Functions are relations ``func/3`` that relate a symbol name to some operation from stacks to stacks.

Stack Manipulation

Basic stack manipulation use logic variables as a kind of "any type" as they do not inspect or otherwise use the values on the stack:

func(swap, [A, B|S], [B, A|S]).

func(dup, [A|S], [A, A|S]).

func(pop, [_|S], S).

Math, Logic, Comparison

Can be described in several ways. Symbolic:

func(add, [int(A), int(B)|S], [int(A+B)|S]).

Note that, in Prolog, the above code does not actually perform arithmetic. The term ``A+B`` is syntactic sugar for ``'+'(A, B)``, it's a plain ol' Prolog term.

We can use CLP(FD) constraints instead:

func(add, [int(A), int(B)|S], [int(C)|S]) :- C #= A + B.

This gets into "Categorical" programing (using different semantics is akin to evaluating over different categories, I think.)

Combinators

The difference between regular functions and combinators is that functions (as we are using the word here) cannot change the pending expression (continuation) but combinators can, typically by prepending quoted programs to the pending expression. As currently written, there are no combinators that can alter the pending expression in ways other than prepending code.

combo(i, [list(P)|S], S, Ei, Eo) :- append(P, Ei, Eo).

combo(branch, [list(T), list(_),  bool(true)|S], S, Ei, Eo) :- append(T, Ei, Eo).
combo(branch, [list(_), list(F), bool(false)|S], S, Ei, Eo) :- append(F, Ei, Eo).
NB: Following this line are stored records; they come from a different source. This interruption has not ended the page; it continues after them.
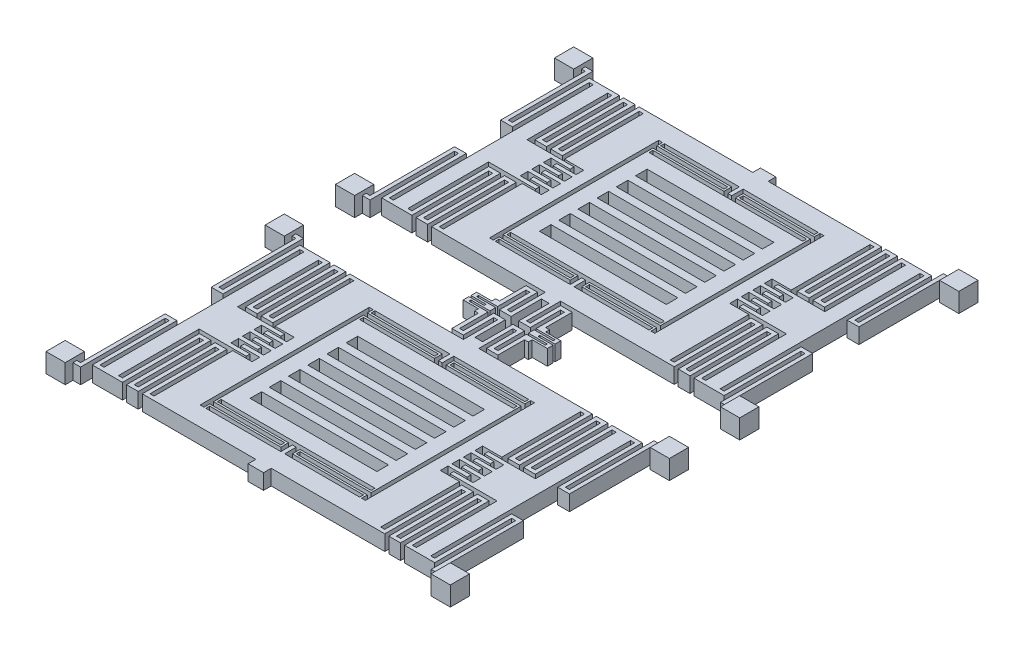
from build123d import *

# Parameters (mm, degrees)
SKETCH1_W           = 0.41
SKETCH1_H           = 0.36
SKETCH1_W_2         = 0.33
SKETCH1_H_2         = 0.03
BOSS_EXTRUDE1_DEPTH = 0.04
BOSS_EXTRUDE2_DEPTH = 0.04
BOSS_EXTRUDE3_DEPTH = 0.04
SKETCH4_W           = 0.05
SKETCH4_H           = 0.05
BOSS_EXTRUDE4_DEPTH = 0.05
BOSS_EXTRUDE5_DEPTH = 0.04


with BuildPart() as part:
    # Sketch1 → Boss-Extrude1 (new body)
    with BuildSketch(Plane(origin=(0, 0, 0), x_dir=(1, 0, 0), z_dir=(0, 1, 0))):
        Rectangle(SKETCH1_W, SKETCH1_H)
        with Locations((0, 0.075)):
            Rectangle(SKETCH1_W_2, SKETCH1_H_2, mode=Mode.SUBTRACT)
        with Locations((0, 0.025)):
            Rectangle(SKETCH1_W_2, SKETCH1_H_2, mode=Mode.SUBTRACT)
        with Locations((0, 0.125)):
            Rectangle(SKETCH1_W_2, SKETCH1_H_2, mode=Mode.SUBTRACT)
        with Locations((0, -0.125)):
            Rectangle(SKETCH1_W_2, SKETCH1_H_2, mode=Mode.SUBTRACT)
        with Locations((0, -0.075)):
            Rectangle(SKETCH1_W_2, SKETCH1_H_2, mode=Mode.SUBTRACT)
        with Locations((0, -0.025)):
            Rectangle(SKETCH1_W_2, SKETCH1_H_2, mode=Mode.SUBTRACT)
    boss_extrude1 = extrude(amount=BOSS_EXTRUDE1_DEPTH)

    # Sketch2 → Boss-Extrude2 (add)
    with BuildSketch(Plane(origin=(0, 0, 0), x_dir=(1, 0, 0), z_dir=(0, 1, 0))):
        Polygon((-0.295, 0.27), (-0.02, 0.27), (-0.02, 0.29), (0.02, 0.29), (0.02, 0.27), (0.295, 0.27), (0.295, 0.055), (0.245, 0.055), (0.245, 0.035), (0.295, 0.035), (0.295, 0.025), (0.245, 0.025), (0.245, 0.005), (0.295, 0.005), (0.295, -0.005), (0.245, -0.005), (0.245, -0.025), (0.295, -0.025), (0.295, -0.035), (0.245, -0.035), (0.245, -0.055), (0.295, -0.055), (0.295, -0.27), (0.02, -0.27), (0.02, -0.29), (-0.02, -0.29), (-0.02, -0.27), (-0.295, -0.27), (-0.295, -0.055), (-0.245, -0.055), (-0.245, -0.035), (-0.295, -0.035), (-0.295, -0.025), (-0.245, -0.025), (-0.245, -0.005), (-0.295, -0.005), (-0.295, 0.005), (-0.245, 0.005), (-0.245, 0.025), (-0.295, 0.025), (-0.295, 0.035), (-0.245, 0.035), (-0.245, 0.055), (-0.295, 0.055), align=None)
        Polygon((-0.215, -0.22), (-0.215, 0.22), (-0.205, 0.22), (-0.205, 0.205), (-0.02, 0.205), (-0.02, 0.195), (-0.205, 0.195), (-0.205, 0.18), (-0.2, 0.18), (-0.2, 0.19), (-0.015, 0.19), (-0.015, 0.21), (-0.2, 0.21), (-0.2, 0.22), (-0.005, 0.22), (-0.005, 0.19), (0.005, 0.19), (0.005, 0.22), (0.2, 0.22), (0.2, 0.21), (0.015, 0.21), (0.015, 0.19), (0.2, 0.19), (0.2, 0.18), (0.205, 0.18), (0.205, 0.195), (0.02, 0.195), (0.02, 0.205), (0.205, 0.205), (0.205, 0.22), (0.215, 0.22), (0.215, -0.22), (0.205, -0.22), (0.205, -0.205), (0.02, -0.205), (0.02, -0.195), (0.205, -0.195), (0.205, -0.18), (0.2, -0.18), (0.2, -0.19), (0.015, -0.19), (0.015, -0.21), (0.2, -0.21), (0.2, -0.22), (0.005, -0.22), (0.005, -0.19), (-0.005, -0.19), (-0.005, -0.22), (-0.2, -0.22), (-0.2, -0.21), (-0.015, -0.21), (-0.015, -0.19), (-0.2, -0.19), (-0.2, -0.18), (-0.205, -0.18), (-0.205, -0.195), (-0.02, -0.195), (-0.02, -0.205), (-0.205, -0.205), (-0.205, -0.22), align=None, mode=Mode.SUBTRACT)
    boss_extrude2 = extrude(amount=BOSS_EXTRUDE2_DEPTH)

    # Sketch3 → Boss-Extrude3 (add)
    with BuildSketch(Plane(origin=(0, 0, 0), x_dir=(1, 0, 0), z_dir=(0, 1, 0))):
        Polygon((-0.315, 0.01), (-0.265, 0.01), (-0.265, 0.02), (-0.315, 0.02), (-0.315, 0.04), (-0.265, 0.04), (-0.265, 0.05), (-0.315, 0.05), (-0.3875, 0.05), (-0.3875, 0.26), (-0.377, 0.26), (-0.377, 0.06), (-0.3465, 0.06), (-0.3465, 0.26), (-0.336, 0.26), (-0.336, 0.06), (-0.3055, 0.06), (-0.3055, 0.26), (-0.295, 0.26), (-0.295, 0.27), (-0.3155, 0.27), (-0.3155, 0.07), (-0.326, 0.07), (-0.326, 0.27), (-0.3565, 0.27), (-0.3565, 0.07), (-0.367, 0.07), (-0.367, 0.27), (-0.3875, 0.27), (-0.425, 0.27), (-0.4455, 0.27), (-0.4455, 0.07), (-0.456, 0.07), (-0.456, 0.27), (-0.456, 0.29), (-0.476, 0.29), (-0.476, 0.28), (-0.466, 0.28), (-0.466, 0.26), (-0.466, 0.06), (-0.4355, 0.06), (-0.4355, 0.26), (-0.425, 0.26), (-0.425, 0.05), (-0.425, -0.05), (-0.425, -0.26), (-0.4355, -0.26), (-0.4355, -0.06), (-0.466, -0.06), (-0.466, -0.26), (-0.466, -0.28), (-0.476, -0.28), (-0.476, -0.29), (-0.456, -0.29), (-0.456, -0.27), (-0.456, -0.07), (-0.4455, -0.07), (-0.4455, -0.27), (-0.425, -0.27), (-0.3875, -0.27), (-0.367, -0.27), (-0.367, -0.07), (-0.3565, -0.07), (-0.3565, -0.27), (-0.326, -0.27), (-0.326, -0.07), (-0.3155, -0.07), (-0.3155, -0.27), (-0.295, -0.27), (-0.295, -0.26), (-0.3055, -0.26), (-0.3055, -0.06), (-0.336, -0.06), (-0.336, -0.26), (-0.3465, -0.26), (-0.3465, -0.06), (-0.377, -0.06), (-0.377, -0.26), (-0.3875, -0.26), (-0.3875, -0.05), (-0.315, -0.05), (-0.265, -0.05), (-0.265, -0.04), (-0.315, -0.04), (-0.315, -0.02), (-0.265, -0.02), (-0.265, -0.01), (-0.315, -0.01), align=None)
        Polygon((0.425, 0.05), (0.425, -0.05), (0.425, -0.26), (0.4355, -0.26), (0.4355, -0.06), (0.466, -0.06), (0.466, -0.26), (0.466, -0.28), (0.476, -0.28), (0.476, -0.29), (0.456, -0.29), (0.456, -0.27), (0.456, -0.07), (0.4455, -0.07), (0.4455, -0.27), (0.425, -0.27), (0.3875, -0.27), (0.367, -0.27), (0.367, -0.07), (0.3565, -0.07), (0.3565, -0.27), (0.326, -0.27), (0.326, -0.07), (0.3155, -0.07), (0.3155, -0.27), (0.295, -0.27), (0.295, -0.26), (0.3055, -0.26), (0.3055, -0.06), (0.336, -0.06), (0.336, -0.26), (0.3465, -0.26), (0.3465, -0.06), (0.377, -0.06), (0.377, -0.26), (0.3875, -0.26), (0.3875, -0.05), (0.315, -0.05), (0.265, -0.05), (0.265, -0.04), (0.315, -0.04), (0.315, -0.02), (0.265, -0.02), (0.265, -0.01), (0.315, -0.01), (0.315, 0.01), (0.265, 0.01), (0.265, 0.02), (0.315, 0.02), (0.315, 0.04), (0.265, 0.04), (0.265, 0.05), (0.315, 0.05), (0.3875, 0.05), (0.3875, 0.26), (0.377, 0.26), (0.377, 0.06), (0.3465, 0.06), (0.3465, 0.26), (0.336, 0.26), (0.336, 0.06), (0.3055, 0.06), (0.3055, 0.26), (0.295, 0.26), (0.295, 0.27), (0.3155, 0.27), (0.3155, 0.07), (0.326, 0.07), (0.326, 0.27), (0.3565, 0.27), (0.3565, 0.07), (0.367, 0.07), (0.367, 0.27), (0.3875, 0.27), (0.425, 0.27), (0.4455, 0.27), (0.4455, 0.07), (0.456, 0.07), (0.456, 0.27), (0.456, 0.29), (0.476, 0.29), (0.476, 0.28), (0.466, 0.28), (0.466, 0.26), (0.466, 0.06), (0.4355, 0.06), (0.4355, 0.26), (0.425, 0.26), align=None)
    boss_extrude3 = extrude(amount=BOSS_EXTRUDE3_DEPTH)

    # Sketch4 → Boss-Extrude4 (add)
    with BuildSketch(Plane(origin=(0, 0, 0), x_dir=(1, 0, 0), z_dir=(0, 1, 0))):
        with Locations((-0.501, -0.285)):
            Rectangle(SKETCH4_W, SKETCH4_H)
        with Locations((-0.501, 0.285)):
            Rectangle(SKETCH4_W, SKETCH4_H)
        with Locations((0.501, -0.285)):
            Rectangle(SKETCH4_W, SKETCH4_H)
        with Locations((0.501, 0.285)):
            Rectangle(SKETCH4_W, SKETCH4_H)
    boss_extrude4 = extrude(amount=BOSS_EXTRUDE4_DEPTH)

    # Sketch5 → Boss-Extrude5 (add)
    with BuildSketch(Plane(origin=(0, 0, 0), x_dir=(1, 0, 0), z_dir=(0, 1, 0))):
        Polygon((-0.06, -0.28), (-0.06, -0.349), (-0.07, -0.349), (-0.07, -0.359), (-0.1095, -0.359), (-0.1095, -0.374), (-0.07, -0.374), (-0.07, -0.379), (-0.1095, -0.379), (-0.1095, -0.394), (-0.07, -0.394), (-0.07, -0.404), (-0.06, -0.404), (-0.06, -0.473), (-0.03, -0.473), (-0.03, -0.394), (-0.02, -0.394), (-0.02, -0.463), (-0.01, -0.463), (-0.01, -0.384), (-0.04, -0.384), (-0.04, -0.463), (-0.05, -0.463), (-0.05, -0.389), (-0.0995, -0.389), (-0.0995, -0.384), (-0.05, -0.384), (-0.05, -0.3765), (-0.05, -0.369), (-0.0995, -0.369), (-0.0995, -0.364), (-0.05, -0.364), (-0.05, -0.29), (-0.04, -0.29), (-0.04, -0.369), (-0.01, -0.369), (-0.01, -0.29), (-0.02, -0.29), (-0.02, -0.359), (-0.03, -0.359), (-0.03, -0.28), align=None)
        Polygon((0.06, -0.473), (0.06, -0.404), (0.07, -0.404), (0.07, -0.394), (0.1095, -0.394), (0.1095, -0.379), (0.07, -0.379), (0.07, -0.374), (0.1095, -0.374), (0.1095, -0.359), (0.07, -0.359), (0.07, -0.349), (0.06, -0.349), (0.06, -0.28), (0.03, -0.28), (0.03, -0.359), (0.02, -0.359), (0.02, -0.29), (0.01, -0.29), (0.01, -0.369), (0.04, -0.369), (0.04, -0.29), (0.05, -0.29), (0.05, -0.364), (0.0995, -0.364), (0.0995, -0.369), (0.05, -0.369), (0.05, -0.3765), (0.05, -0.384), (0.0995, -0.384), (0.0995, -0.389), (0.05, -0.389), (0.05, -0.463), (0.04, -0.463), (0.04, -0.384), (0.01, -0.384), (0.01, -0.463), (0.02, -0.463), (0.02, -0.394), (0.03, -0.394), (0.03, -0.473), align=None)
    extrude(amount=BOSS_EXTRUDE5_DEPTH)

    # Mirror1: Boss-Extrude2, Boss-Extrude3, Boss-Extrude4 across plane
    add(boss_extrude2.mirror(Plane.XY.offset(0.3765)))
    add(boss_extrude3.mirror(Plane.XY.offset(0.3765)))
    add(boss_extrude4.mirror(Plane.XY.offset(0.3765)))

    # Mirror2: Boss-Extrude1 across plane
    add(boss_extrude1.mirror(Plane.XY.offset(0.3765)))


solid = part.part

combo(loop, [list(_), bool(false)|S], S, E,  E ).
combo(loop, [list(B),  bool(true)|S], S, Ei, Eo) :-
    append(B, [list(B), symbol(loop)|Ei], Eo).

As you can see, there is nothing to it. The branch and loop combinators are prefectly straightforward, the loop combinator mentions itself showing the underlying unity of looping and recursion.

Definitions

New functions are just named Joy expressions, and work by prepending their expressions to the pending expression.

swapd :=  [swap] dip
swons := swap cons
swoncat :=  swap concat
etc...

And that's it. That's all there is to Joy. It's extremely simple and elegant.